Hartati Murdaya Tersangka
Pimpinan KPK Bahas Permohonan Walubi
Walubi meminta KPK supaya tidak segera menahan Siti Hartati Murdaya yang merupakan Ketua Umum Walubi.
Penulis:
Edwin Firdaus
Editor:
Rachmat Hidayat

TRIBUNNEWS.COM, JAKARTA -Juru Bicara Komisi Pemberantasan Korupsi, Johan Budi membenarkan Perwakilan Umat Buddha Indonesia (Walubi) telah mengantarkan surat permohonan agar tersangka Siti Hartati Murdaya tidak di tahan.
Namun, permohonan itu, kata Johan Budi, akan melakukan pembicaraan internal terlebih dahulu guna memutuskan apakah mengabulkan permintaannya atau tidak.
"Tadi disampaikan permohonan ini akan dibicarakan dulu sama pimpinan dan penyidik apakah akan dikabulkan atau tidak," tegas Johan di Kantornya, Jakarta, Jumat (10/8/2012).
Selaras dengan Johan, Wakil Sekretaris Jenderal Walubi, Gatot Sukarno Adi pun mengakui bahwa surat permohonan dari pihaknya akan disampaikan dalam rapat evaluasi pimpinan KPK.
Sebelumnya Walubi mendatangi KPK dengan tujuan untuk meminta KPK supaya tidak segera menahan Siti Hartati Murdaya yang merupakan Ketua Umum Walubi.
"Kami sangat memerlukan kehadiran Ibu Hartati Murdaya untuk memimpin organisasi dan juga kegiatan bakti sosial kemanusiaan. Jadi kami mohon seyogyanya penahanan tidak dilakukan secepatnya karena kami masih harus membutuhkan arahan-arahan beliau untuk menjalankan organisasi ini," kata Gatot di KPK.
Koordinator Bikhu Sangha Perwakilan Umat Buddha Indonesia (Walubi), Tadhista Paramita Mahastawira, juga meminta kepada KPK supaya tidak segera melakukan penahanan terhadap Hartati Murdaya.
"Semua umat di bawah naungan walubi resah dan prihatin. Kami merasa terpukul. Kami mengharapkan kebijakan KPK untuk tidak menahan Hartati untuk sementara waktu," terang Tadhista.

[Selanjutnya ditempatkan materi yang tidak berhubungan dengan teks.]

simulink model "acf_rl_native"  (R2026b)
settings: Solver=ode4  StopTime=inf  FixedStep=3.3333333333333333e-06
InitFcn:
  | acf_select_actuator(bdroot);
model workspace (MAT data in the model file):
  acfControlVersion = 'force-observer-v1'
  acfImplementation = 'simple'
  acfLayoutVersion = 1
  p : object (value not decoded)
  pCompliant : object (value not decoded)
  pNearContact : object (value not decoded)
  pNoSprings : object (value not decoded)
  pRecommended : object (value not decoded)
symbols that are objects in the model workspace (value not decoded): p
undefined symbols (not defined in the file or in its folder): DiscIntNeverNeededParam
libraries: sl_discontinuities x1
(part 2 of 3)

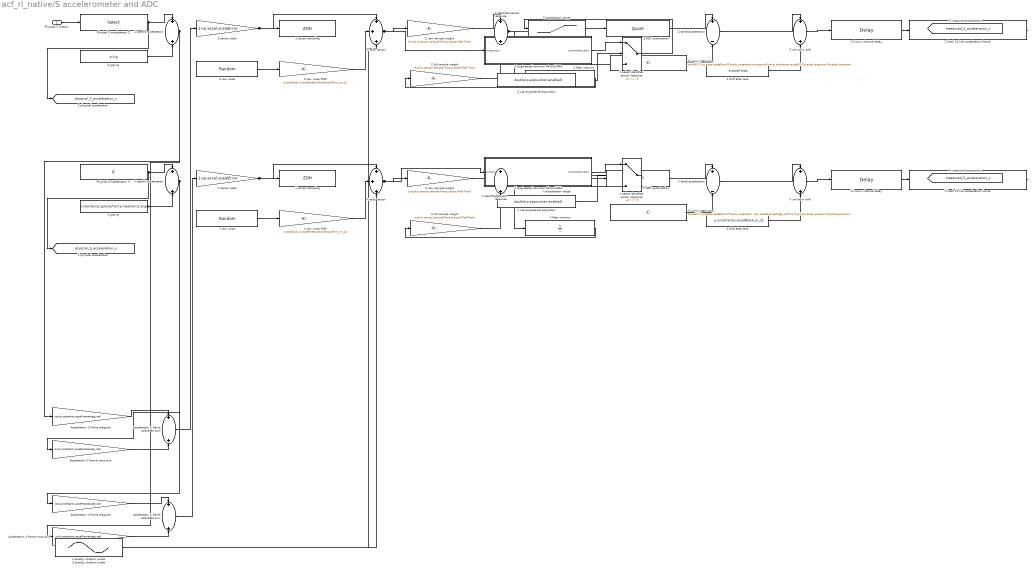
== system acf_rl_native/S accelerometer and ADC ==
  Physical S motion : Inport
  Acceleration X frame calibrated sum : Sum
  Acceleration X frame cross axis : Gain  Gain=-sin(p.uncertainty.accelFrameAngle_rad)
  Acceleration X frame diagonal : Gain  Gain=cos(p.uncertainty.accelFrameAngle_rad)
  Acceleration Z frame calibrated sum : Sum
  Acceleration Z frame cross axis : Gain  Gain=sin(p.uncertainty.accelFrameAngle_rad)
  Acceleration Z frame diagonal : Gain  Gain=cos(p.uncertainty.accelFrameAngle_rad)
  Physical S acceleration X : Constant  Value=0
  Physical S acceleration Z : Selector  InputPortWidth=3  IndexOptions=Index vector (dialog)  Indices=3  OutputSizes=1
  X ADC quantization : Quantizer  QuantizationInterval=1e-15
  X acceleration range : Saturate  UpperLimit=inf  LowerLimit=-inf
  X analog vibration probe : Sin  Amplitude=p.adcStudy.accelerationXAnalogToneAmplitude_m_s2  Frequency=2*pi*p.adcStudy.analogToneFrequency_Hz  Phase=p.adcStudy.analogTonePhase_rad  SampleTime=0
  X drift after tare : Constant  Value=p.uncertainty.accelBiasX_m_s2
  X engineered common AA and EMA : Subsystem
  X filter memory : UnitDelay  InitialCondition=(1+p.accel.scaleError)*(cos(p.uncertainty.accelFrameAngle_rad)*(p.mechanics.gravity*sin(p.mechanics.angle))-sin(p.uncertainty.accelFrameAngle_rad)*(p.d.g))  SampleTime=p.sensor.sampleTime
  X fresh 10 kHz acceleration frame : ZeroOrderHold  SampleTime=p.force.sampleTime
  X gravity : Constant  Value=p.mechanics.gravity*sin(p.mechanics.angle)
  X identified sensor response : Sum
  X known channel delay : TransportDelay  DelayTime=p.adcStudy.d.channels.acceleration.pipelineDelay_s  InitialOutput=p.uncertainty.accelBiasX_m_s2
  X known static tare : Constant  Value=round((((1+p.accel.scaleError)*(cos(p.uncertainty.accelFrameAngle_rad)*(p.mechanics.gravity*sin(p.mechanics.angle))-sin(p.uncertainty.accelFrameAngle_rad)*(p.d.g))))/p.accel.quantum)*p.accel.quantum
  X new sample weight : Gain  Gain=1-exp(-p.sensor.sampleTime/p.accel.filterTime)
  X noisy sensor : Sum  Inputs=+++
  X old sample weight : Gain  Gain=exp(-p.sensor.sampleTime/p.accel.filterTime)
  X raw noise : RandomNumber  Seed=p.sensor.seed+336  SampleTime=p.sensor.sampleTime
  X raw noise RMS : Gain  Gain=p.adcStudy.d.accelerationNoiseInputRms_m_s2
  X select identified sensor response : Switch  Threshold=.5  SaturateOnIntegerOverflow=off  InputSameDT=off
  X sensor sampling : ZeroOrderHold  SampleTime=p.sensor.sampleTime
  X sensor scale : Gain  Gain=1+p.accel.scaleError
  X specific acceleration : Sum
  X tared acceleration : Sum  Inputs=+-
  X unknown drift : Sum
  X use engineered acquisition : Constant  Value=double(p.acquisition.enabled)
  Z ADC quantization : Quantizer  QuantizationInterval=1e-15
  Z acceleration range : Saturate  UpperLimit=inf  LowerLimit=-inf
  Z analog vibration probe : Sin  Amplitude=p.adcStudy.accelerationZAnalogToneAmplitude_m_s2  Frequency=2*pi*p.adcStudy.analogToneFrequency_Hz  Phase=p.adcStudy.analogTonePhase_rad  SampleTime=0
  Z drift after tare : Constant  Value=p.accel.bias
  Z engineered common AA and EMA : Subsystem
  Z filter memory : UnitDelay  InitialCondition=(1+p.accel.scaleError)*(cos(p.uncertainty.accelFrameAngle_rad)*(p.d.g)+sin(p.uncertainty.accelFrameAngle_rad)*(p.mechanics.gravity*sin(p.mechanics.angle)))  SampleTime=p.sensor.sampleTime
  Z fresh 10 kHz acceleration frame : ZeroOrderHold  SampleTime=p.force.sampleTime
  Z gravity : Constant  Value=p.d.g
  Z identified sensor response : Sum
  Z known channel delay : TransportDelay  DelayTime=p.adcStudy.d.channels.acceleration.pipelineDelay_s  InitialOutput=p.accel.bias
  Z known static tare : Constant  Value=round((((1+p.accel.scaleError)*(cos(p.uncertainty.accelFrameAngle_rad)*(p.d.g)+sin(p.uncertainty.accelFrameAngle_rad)*(p.mechanics.gravity*sin(p.mechanics.angle)))))/p.accel.quantum)*p.accel.quantum
  Z new sample weight : Gain  Gain=1-exp(-p.sensor.sampleTime/p.accel.filterTime)
  Z noisy sensor : Sum  Inputs=+++
  Z old sample weight : Gain  Gain=exp(-p.sensor.sampleTime/p.accel.filterTime)
  Z raw noise : RandomNumber  Seed=p.sensor.seed+239  SampleTime=p.sensor.sampleTime
  Z raw noise RMS : Gain  Gain=p.adcStudy.d.accelerationNoiseInputRms_m_s2
  Z select identified sensor response : Switch  Threshold=.5  SaturateOnIntegerOverflow=off  InputSameDT=off
  Z sensor sampling : ZeroOrderHold  SampleTime=p.sensor.sampleTime
  Z sensor scale : Gain  Gain=1+p.accel.scaleError
  Z specific acceleration : Sum
  Z tared acceleration : Sum  Inputs=+-
  Z unknown drift : Sum
  Z use engineered acquisition : Constant  Value=double(p.acquisition.enabled)
  tag scope: measured_S_acceleration_x=global, measured_S_acceleration_z=global, physical_S_acceleration_x=global, physical_S_acceleration_z=global
  wires:
  Physical S motion/1 -> Physical S acceleration Z/1
  Physical S acceleration Z/1 -> [physical_S_acceleration_z], Z specific acceleration/1
  Z gravity/1 -> Z specific acceleration/2
  Z sensor scale/1 -> Z sensor sampling/1, Z noisy sensor/1
  Z raw noise/1 -> Z raw noise RMS/1
  Z raw noise RMS/1 -> Z noisy sensor/2
  Z noisy sensor/1 -> Z new sample weight/1, Z engineered common AA and EMA/1(analog input)
  Z new sample weight/1 -> Z identified sensor response/1
  Z identified sensor response/1 -> Z filter memory/1, Z select identified sensor response/3
  Z filter memory/1 -> Z old sample weight/1
  Z old sample weight/1 -> Z identified sensor response/2
  Z acceleration range/1 -> Z ADC quantization/1
  Z ADC quantization/1 -> Z tared acceleration/1
  Z known static tare/1 -> Z tared acceleration/2
  Z tared acceleration/1 -> Z unknown drift/1
  Z drift after tare/1 -> Z unknown drift/2
  Physical S acceleration X/1 -> [physical_S_acceleration_x], X specific acceleration/1
  X gravity/1 -> X specific acceleration/2
  X specific acceleration/1 -> Acceleration Z frame cross axis/1, Acceleration X frame diagonal/1
  X sensor scale/1 -> X sensor sampling/1, X noisy sensor/1
  X raw noise/1 -> X raw noise RMS/1
  X raw noise RMS/1 -> X noisy sensor/2
  X noisy sensor/1 -> X new sample weight/1, X engineered common AA and EMA/1(analog input)
  X new sample weight/1 -> X identified sensor response/1
  X identified sensor response/1 -> X filter memory/1, X select identified sensor response/3
  X filter memory/1 -> X old sample weight/1
  X old sample weight/1 -> X identified sensor response/2
  X acceleration range/1 -> X ADC quantization/1
  X ADC quantization/1 -> X tared acceleration/1
  X known static tare/1 -> X tared acceleration/2
  X tared acceleration/1 -> X unknown drift/1
  X drift after tare/1 -> X unknown drift/2
  Z use engineered acquisition/1 -> Z select identified sensor response/2
  Z select identified sensor response/1 -> Z acceleration range/1
  Z fresh 10 kHz acceleration frame/1 -> [measured_S_acceleration_z]
  X use engineered acquisition/1 -> X select identified sensor response/2
  X select identified sensor response/1 -> X acceleration range/1
  X fresh 10 kHz acceleration frame/1 -> [measured_S_acceleration_x]
  Z specific acceleration/1 -> Acceleration Z frame diagonal/1, Acceleration X frame cross axis/1
  Acceleration Z frame diagonal/1 -> Acceleration Z frame calibrated sum/1
  Acceleration Z frame cross axis/1 -> Acceleration Z frame calibrated sum/2
  Acceleration Z frame calibrated sum/1 -> Z sensor scale/1
  Acceleration X frame diagonal/1 -> Acceleration X frame calibrated sum/1
  Acceleration X frame cross axis/1 -> Acceleration X frame calibrated sum/2
  Acceleration X frame calibrated sum/1 -> X sensor scale/1
  Z analog vibration probe/1 -> Z noisy sensor/3
  Z engineered common AA and EMA/1(conditioned output) -> Z select identified sensor response/1
  Z unknown drift/1 -> Z known channel delay/1
  Z known channel delay/1 -> Z fresh 10 kHz acceleration frame/1
  X analog vibration probe/1 -> X noisy sensor/3
  X engineered common AA and EMA/1(conditioned output) -> X select identified sensor response/1
  X unknown drift/1 -> X known channel delay/1
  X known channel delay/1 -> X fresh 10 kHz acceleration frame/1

Diketahui, KPK telah menetapkan Hartati Murdaya sebagai tersangka dugaan korupsi penerbitan Hak Guna Usaha perkebunan kelapa sawit di Kabupaten Buol, Sulawesi Tengah.
Ia diduga kuat sebagai orang yang melakukan pemberian uang sebesar tiga miliar rupiah kepada pegawai negeri atau penyelenggara negara, yaitu tersangka Bupati Buol, Amran Batalipu.
Pemberian itu dilakukan dua tahapan, yaitu pada tanggal 18 Juni 2012 senilai satu miliar rupiah dan 26 Juni 2012 senilai dua miliar rupiah.